Embodiment A refrigeration system according to an embodiment of the present invention will be described below with reference to the drawings.

1 and 2 show an embodiment of the refrigeration system of the present invention, 13 is a refrigerator main body, 14 is a compressor that makes the inside of the container high pressure, 15 is a first suction pipe, and the refrigerator main body 13 A trap 15a is provided below to prevent vibrations from propagating to. Numeral 16 is a damping material attached for vibration isolation, similar to the trap 15a, and is made of a heat insulating material such as butyl rubber.

Further, 17 is an accumulator connected to the first suction pipe, and 18 is the accumulator 17.
a second suction pipe connected to the compressor 14;
It is connected to the.

Reference numerals 19 and 20 represent a refrigerant and oil sealed in the refrigeration apparatus, respectively, and 21 represents a bottom plate of the refrigerator on which the compressor is mounted.

The operation of the refrigeration system configured as described above will be explained below.

As described in the embodiment, when the compressor 14 is stopped, the accumulator 17 and the second suction pipe 18 are
The inside is filled with oil 20, and the upper part of the first suction pipe 15 and the accumulator 17 is filled with a relatively dense refrigerant 19 with a well-balanced high and low pressure.

Next, when the compressor 14 starts operating from this state, first, the oil 20 in the accumulator 17 and the second suction pipe 13 is sucked into the compressor 14, and then the oil 20 in the first suction pipe 15 and Since the refrigerant 19 in the upper part of the accumulator 17 is sucked into the compressor 14, the first suction pipe 15 is very cooled.

However, the trap 1 of the first suction pipe 15
Since the lower end of 5a is covered with a damping material 16 having heat insulating properties such as butyl rubber, frost does not form.
Also, the first suction pipe 1 excluding the tip of the trap 15a
As the operation becomes steady, the frost that has arrived at the trap 15 will replace dew and flow downward due to the heat of the compressor 14 and the temperature rise of the refrigerant 19 itself.
It is dammed by the damping material 16 attached to the lower end of the trap 15a, and accumulates at the upper part of the damping material 16 without reaching the lower end of the trap 15a, and eventually the temperature of the refrigerant 19 itself in the compressor 14 and the first suction pipe 15 rises. evaporates due to

As described above, according to this embodiment, the damping material 16 attached to the lower end of the trap 15a of the first suction pipe 15 can prevent water droplets from falling down the first suction pipe. Refrigerator bottom plate 2
It is possible to prevent the occurrence of rust and water droplets from falling onto the floor.

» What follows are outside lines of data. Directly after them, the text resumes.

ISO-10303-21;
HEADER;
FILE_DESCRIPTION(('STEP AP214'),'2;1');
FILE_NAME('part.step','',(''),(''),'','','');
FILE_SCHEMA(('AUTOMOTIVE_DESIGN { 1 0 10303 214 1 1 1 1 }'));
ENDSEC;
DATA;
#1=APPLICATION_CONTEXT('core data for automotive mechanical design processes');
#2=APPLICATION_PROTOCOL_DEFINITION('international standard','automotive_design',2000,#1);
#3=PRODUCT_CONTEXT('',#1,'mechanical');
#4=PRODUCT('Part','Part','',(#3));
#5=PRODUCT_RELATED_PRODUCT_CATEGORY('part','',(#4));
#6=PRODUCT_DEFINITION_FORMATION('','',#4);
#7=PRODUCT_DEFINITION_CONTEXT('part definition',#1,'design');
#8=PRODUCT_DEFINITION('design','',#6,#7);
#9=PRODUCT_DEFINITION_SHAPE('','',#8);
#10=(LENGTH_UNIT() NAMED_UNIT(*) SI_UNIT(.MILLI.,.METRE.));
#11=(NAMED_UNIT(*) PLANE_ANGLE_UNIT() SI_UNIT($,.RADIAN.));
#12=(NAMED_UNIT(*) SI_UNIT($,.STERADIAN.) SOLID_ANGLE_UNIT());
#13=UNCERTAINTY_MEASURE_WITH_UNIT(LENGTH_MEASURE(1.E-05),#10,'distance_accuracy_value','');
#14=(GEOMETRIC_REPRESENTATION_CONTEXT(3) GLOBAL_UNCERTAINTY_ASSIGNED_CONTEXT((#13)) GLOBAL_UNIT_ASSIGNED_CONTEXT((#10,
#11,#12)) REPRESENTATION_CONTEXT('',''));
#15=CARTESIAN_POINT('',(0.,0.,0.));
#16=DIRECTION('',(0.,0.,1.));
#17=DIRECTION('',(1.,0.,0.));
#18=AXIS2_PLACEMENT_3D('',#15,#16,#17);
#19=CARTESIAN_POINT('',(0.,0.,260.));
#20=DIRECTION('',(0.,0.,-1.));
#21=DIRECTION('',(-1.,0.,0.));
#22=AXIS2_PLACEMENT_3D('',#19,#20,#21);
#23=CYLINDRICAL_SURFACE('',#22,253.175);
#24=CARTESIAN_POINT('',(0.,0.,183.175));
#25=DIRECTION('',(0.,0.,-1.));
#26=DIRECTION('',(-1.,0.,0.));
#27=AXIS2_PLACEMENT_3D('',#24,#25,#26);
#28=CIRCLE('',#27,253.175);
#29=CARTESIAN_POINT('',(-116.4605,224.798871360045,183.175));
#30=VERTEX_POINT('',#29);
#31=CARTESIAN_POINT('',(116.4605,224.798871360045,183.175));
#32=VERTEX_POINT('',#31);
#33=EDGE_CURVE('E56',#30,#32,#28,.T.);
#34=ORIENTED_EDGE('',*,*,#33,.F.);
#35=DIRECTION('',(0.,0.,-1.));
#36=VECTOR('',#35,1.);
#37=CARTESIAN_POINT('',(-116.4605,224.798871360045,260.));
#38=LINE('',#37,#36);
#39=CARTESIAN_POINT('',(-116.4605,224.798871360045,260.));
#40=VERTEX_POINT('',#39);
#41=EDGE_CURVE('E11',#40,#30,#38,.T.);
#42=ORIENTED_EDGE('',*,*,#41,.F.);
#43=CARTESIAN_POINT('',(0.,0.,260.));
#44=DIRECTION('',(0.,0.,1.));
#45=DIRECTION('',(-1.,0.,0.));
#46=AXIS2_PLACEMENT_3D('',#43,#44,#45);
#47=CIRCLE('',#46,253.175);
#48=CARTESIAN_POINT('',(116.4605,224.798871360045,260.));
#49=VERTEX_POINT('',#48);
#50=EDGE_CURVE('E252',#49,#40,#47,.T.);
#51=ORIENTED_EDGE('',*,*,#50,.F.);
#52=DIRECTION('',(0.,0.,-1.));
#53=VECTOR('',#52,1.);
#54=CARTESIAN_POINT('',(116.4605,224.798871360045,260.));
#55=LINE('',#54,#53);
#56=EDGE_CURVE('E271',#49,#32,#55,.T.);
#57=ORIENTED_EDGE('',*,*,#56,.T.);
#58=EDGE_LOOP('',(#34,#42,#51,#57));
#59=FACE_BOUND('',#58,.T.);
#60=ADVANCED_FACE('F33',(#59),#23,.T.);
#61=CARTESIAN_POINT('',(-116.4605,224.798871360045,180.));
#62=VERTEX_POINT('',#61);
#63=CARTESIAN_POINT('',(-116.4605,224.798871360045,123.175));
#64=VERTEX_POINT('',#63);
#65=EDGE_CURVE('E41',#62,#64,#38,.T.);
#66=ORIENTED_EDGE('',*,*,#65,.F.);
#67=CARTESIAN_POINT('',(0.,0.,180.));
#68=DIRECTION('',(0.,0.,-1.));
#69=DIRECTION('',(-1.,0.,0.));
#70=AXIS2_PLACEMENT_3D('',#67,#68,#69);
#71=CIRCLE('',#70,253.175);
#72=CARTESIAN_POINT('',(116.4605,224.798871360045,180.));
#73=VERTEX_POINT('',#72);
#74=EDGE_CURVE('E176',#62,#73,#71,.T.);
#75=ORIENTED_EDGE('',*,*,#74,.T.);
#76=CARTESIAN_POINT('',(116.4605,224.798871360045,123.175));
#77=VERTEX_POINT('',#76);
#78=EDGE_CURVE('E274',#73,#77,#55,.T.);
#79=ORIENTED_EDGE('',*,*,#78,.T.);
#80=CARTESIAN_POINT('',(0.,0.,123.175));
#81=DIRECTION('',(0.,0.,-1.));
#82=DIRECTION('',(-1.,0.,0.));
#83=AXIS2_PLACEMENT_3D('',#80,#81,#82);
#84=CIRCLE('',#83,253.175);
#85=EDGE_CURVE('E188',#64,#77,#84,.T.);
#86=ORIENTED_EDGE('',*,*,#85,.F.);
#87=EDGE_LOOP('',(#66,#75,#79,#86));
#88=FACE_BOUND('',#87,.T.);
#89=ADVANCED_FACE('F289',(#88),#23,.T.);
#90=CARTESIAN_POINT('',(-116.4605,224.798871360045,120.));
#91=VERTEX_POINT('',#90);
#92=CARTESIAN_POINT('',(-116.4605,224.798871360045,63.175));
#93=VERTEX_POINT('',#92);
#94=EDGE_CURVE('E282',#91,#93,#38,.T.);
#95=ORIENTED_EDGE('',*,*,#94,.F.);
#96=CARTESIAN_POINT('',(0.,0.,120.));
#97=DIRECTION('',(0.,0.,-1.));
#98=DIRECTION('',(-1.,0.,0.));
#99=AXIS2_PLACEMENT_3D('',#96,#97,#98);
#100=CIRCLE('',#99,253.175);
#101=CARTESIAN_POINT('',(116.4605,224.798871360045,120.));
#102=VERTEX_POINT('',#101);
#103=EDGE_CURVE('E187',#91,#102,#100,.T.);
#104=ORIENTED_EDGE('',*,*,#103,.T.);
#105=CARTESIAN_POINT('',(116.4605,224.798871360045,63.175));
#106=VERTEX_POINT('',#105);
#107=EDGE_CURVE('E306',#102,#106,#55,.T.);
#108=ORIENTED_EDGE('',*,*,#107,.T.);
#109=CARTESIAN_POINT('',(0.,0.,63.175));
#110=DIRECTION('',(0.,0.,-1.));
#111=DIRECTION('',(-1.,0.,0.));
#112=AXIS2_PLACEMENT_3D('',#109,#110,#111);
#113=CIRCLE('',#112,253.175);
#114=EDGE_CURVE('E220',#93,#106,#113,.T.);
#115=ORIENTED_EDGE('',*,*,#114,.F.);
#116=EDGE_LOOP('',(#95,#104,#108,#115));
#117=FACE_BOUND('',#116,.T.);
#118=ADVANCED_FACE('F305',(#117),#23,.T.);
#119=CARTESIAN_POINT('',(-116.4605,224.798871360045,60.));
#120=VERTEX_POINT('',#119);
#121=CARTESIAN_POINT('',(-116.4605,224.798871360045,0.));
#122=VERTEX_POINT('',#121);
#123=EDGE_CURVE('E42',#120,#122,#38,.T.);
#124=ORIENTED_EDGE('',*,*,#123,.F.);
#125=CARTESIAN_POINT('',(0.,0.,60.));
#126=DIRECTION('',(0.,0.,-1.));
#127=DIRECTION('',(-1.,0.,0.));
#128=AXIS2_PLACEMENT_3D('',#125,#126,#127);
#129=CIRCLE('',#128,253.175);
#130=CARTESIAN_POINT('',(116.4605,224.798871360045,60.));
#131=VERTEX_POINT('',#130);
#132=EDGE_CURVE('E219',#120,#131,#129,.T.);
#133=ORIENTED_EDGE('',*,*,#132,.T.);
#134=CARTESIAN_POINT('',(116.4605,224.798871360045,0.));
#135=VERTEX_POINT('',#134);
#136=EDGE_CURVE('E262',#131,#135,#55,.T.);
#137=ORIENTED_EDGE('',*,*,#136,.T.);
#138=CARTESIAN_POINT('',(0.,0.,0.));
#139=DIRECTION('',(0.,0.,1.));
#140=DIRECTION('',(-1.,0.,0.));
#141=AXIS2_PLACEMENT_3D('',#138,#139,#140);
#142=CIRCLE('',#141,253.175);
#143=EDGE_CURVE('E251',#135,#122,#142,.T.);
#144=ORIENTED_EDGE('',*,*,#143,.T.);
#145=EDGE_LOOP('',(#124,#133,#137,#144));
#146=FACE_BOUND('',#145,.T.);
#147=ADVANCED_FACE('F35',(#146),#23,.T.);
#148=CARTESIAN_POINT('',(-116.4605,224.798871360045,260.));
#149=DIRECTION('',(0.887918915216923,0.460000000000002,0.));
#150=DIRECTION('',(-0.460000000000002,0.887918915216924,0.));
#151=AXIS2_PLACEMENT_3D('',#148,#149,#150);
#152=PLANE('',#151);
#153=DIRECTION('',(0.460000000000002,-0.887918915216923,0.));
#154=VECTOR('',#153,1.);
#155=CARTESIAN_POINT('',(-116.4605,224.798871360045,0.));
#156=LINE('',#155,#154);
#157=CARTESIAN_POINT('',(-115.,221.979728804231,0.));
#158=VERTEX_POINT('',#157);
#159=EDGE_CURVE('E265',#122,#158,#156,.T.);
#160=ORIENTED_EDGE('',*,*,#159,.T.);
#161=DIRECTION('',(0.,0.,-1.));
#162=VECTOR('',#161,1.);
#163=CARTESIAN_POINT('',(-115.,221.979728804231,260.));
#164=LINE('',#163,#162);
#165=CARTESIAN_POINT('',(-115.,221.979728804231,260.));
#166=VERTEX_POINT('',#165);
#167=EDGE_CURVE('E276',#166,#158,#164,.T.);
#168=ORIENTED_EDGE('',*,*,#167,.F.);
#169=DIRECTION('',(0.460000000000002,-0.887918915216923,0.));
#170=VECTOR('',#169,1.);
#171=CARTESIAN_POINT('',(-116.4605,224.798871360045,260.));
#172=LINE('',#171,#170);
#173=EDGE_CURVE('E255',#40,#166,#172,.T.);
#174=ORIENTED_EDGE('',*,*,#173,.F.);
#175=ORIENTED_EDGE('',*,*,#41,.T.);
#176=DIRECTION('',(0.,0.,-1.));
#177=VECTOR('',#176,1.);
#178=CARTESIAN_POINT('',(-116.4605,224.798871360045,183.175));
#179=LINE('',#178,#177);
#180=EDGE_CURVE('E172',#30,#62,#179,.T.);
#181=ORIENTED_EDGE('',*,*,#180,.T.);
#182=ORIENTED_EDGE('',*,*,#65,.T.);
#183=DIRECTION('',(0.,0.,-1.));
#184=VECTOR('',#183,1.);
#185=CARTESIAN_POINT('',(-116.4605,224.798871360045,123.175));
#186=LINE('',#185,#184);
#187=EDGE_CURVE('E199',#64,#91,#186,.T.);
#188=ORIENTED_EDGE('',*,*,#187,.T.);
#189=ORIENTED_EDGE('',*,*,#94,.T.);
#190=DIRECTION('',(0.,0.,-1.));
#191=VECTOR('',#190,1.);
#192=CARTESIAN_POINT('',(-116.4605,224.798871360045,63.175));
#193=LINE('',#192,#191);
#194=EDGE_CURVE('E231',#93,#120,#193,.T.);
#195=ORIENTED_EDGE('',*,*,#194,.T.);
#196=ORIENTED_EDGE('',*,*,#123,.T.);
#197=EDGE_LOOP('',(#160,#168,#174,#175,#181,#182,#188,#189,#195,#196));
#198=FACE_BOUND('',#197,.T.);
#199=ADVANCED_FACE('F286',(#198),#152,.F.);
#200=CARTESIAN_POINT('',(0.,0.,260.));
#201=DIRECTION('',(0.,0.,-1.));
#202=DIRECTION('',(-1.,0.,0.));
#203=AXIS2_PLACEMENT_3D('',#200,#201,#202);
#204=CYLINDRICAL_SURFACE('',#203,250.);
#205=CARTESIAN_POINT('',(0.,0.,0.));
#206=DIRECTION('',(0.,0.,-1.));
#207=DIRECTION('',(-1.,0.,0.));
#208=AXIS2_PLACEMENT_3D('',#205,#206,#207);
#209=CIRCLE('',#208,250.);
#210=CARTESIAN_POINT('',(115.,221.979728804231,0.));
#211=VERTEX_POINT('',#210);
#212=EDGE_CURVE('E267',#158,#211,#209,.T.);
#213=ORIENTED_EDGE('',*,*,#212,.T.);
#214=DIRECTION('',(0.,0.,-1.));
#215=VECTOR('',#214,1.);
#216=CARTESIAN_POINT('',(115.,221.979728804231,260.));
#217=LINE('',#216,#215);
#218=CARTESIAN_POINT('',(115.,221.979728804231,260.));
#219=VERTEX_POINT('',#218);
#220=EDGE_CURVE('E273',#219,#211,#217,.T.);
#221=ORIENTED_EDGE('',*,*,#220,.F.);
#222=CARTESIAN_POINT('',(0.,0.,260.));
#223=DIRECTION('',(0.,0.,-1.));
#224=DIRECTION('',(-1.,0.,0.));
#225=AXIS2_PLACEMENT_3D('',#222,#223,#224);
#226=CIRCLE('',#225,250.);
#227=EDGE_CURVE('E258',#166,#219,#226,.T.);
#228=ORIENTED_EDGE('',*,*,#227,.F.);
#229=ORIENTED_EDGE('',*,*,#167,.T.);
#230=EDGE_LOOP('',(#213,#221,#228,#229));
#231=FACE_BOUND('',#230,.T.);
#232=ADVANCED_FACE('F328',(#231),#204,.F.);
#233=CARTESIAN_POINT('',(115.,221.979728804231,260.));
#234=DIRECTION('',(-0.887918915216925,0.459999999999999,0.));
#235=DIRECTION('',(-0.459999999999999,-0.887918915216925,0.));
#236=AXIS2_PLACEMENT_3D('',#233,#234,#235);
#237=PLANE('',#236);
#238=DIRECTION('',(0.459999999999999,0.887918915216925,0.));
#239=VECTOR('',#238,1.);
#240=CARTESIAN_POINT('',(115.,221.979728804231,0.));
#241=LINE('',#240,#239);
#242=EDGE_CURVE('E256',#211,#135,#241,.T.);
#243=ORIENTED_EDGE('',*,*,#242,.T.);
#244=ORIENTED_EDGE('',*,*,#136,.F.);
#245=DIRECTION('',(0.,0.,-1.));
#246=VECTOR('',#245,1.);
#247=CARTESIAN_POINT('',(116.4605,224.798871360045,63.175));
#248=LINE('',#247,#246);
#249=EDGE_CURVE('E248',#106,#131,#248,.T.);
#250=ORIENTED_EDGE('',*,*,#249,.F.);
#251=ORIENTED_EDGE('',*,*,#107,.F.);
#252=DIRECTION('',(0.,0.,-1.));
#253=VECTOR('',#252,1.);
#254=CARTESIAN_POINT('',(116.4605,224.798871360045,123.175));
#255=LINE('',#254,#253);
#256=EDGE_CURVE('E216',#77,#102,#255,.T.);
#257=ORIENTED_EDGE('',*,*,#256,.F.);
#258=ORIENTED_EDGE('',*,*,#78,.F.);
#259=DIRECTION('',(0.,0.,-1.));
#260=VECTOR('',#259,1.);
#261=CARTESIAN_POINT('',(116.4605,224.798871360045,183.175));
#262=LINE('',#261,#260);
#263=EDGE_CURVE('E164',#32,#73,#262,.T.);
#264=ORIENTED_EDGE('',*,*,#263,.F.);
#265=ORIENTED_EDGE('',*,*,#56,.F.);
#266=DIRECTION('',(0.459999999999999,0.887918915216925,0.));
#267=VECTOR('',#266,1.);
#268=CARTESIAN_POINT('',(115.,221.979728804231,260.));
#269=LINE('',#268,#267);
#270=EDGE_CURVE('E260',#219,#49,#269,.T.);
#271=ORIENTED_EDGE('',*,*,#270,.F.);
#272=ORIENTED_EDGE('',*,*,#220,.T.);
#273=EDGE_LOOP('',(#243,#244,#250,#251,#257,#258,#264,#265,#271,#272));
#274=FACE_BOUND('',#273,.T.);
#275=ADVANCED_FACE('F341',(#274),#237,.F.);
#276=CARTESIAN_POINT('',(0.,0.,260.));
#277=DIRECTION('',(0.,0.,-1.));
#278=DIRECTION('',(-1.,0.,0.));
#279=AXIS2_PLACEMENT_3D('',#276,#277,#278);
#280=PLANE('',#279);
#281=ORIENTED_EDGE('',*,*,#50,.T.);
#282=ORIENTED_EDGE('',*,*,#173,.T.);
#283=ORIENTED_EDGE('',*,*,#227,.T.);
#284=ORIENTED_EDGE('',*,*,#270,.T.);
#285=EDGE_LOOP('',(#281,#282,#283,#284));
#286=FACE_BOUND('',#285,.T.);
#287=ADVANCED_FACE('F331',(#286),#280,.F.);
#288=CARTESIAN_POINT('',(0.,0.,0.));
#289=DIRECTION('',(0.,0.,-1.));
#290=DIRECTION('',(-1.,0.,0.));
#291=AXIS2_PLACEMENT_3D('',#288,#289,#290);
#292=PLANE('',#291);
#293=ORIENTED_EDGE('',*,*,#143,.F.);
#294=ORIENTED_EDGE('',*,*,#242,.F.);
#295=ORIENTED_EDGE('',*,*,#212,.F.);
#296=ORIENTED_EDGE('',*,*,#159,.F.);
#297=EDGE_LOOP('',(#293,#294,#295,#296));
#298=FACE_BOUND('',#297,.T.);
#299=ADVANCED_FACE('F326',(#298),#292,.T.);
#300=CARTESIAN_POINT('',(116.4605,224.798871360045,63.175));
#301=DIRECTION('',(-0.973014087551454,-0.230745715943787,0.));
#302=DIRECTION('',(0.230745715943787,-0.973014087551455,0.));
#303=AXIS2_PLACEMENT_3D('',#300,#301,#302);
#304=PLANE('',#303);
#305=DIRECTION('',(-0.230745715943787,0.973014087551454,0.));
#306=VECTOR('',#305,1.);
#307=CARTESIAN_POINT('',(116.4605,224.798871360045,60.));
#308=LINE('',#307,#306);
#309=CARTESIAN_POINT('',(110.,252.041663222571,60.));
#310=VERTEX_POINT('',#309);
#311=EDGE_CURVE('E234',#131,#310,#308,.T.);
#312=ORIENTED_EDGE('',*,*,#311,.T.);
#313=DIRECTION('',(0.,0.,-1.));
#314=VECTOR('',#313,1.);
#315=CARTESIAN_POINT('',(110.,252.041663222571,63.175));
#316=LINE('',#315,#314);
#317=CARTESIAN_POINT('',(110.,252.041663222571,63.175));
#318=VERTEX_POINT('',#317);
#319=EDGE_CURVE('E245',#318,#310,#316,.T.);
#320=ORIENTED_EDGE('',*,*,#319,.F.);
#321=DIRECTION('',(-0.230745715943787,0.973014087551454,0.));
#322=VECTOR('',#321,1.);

Effects of the invention As described above, the present invention provides vibration isolation for the suction pipe by providing a damping material with heat insulating properties on the trap provided in the suction pipe of the compressor, including the lower end of the trap. It is possible to prevent water droplets from coming from the suction pipe, prevent rust from occurring on peripheral equipment, and prevent water from falling onto the floor without adding any additional water.

[Brief explanation of the drawing]

FIG. 1 is a front view showing details of a refrigeration system in an embodiment of the present invention, FIG. 2 is an overall perspective view of FIG. 1,
Figure 3 is a system piping diagram of a conventional refrigeration system;
The figure is a front view showing details of a conventional refrigeration system. 14... Compressor, 15... First suction pipe, 15
a... Trap, 16... Damping material, 17...
...accumulator, 18...second suction pipe.

Claims (1)

[Scope of utility model registration request] A compressor that has a high pressure inside the container, a first suction pipe equipped with a substantially U-shaped trap, an accumulator connected to the first suction pipe, and a space between the accumulator and the compressor. A refrigeration system comprising a second suction pipe connected to the first suction pipe, and a damping material having heat insulating properties attached to cover the first suction pipe including the lower end of the trap.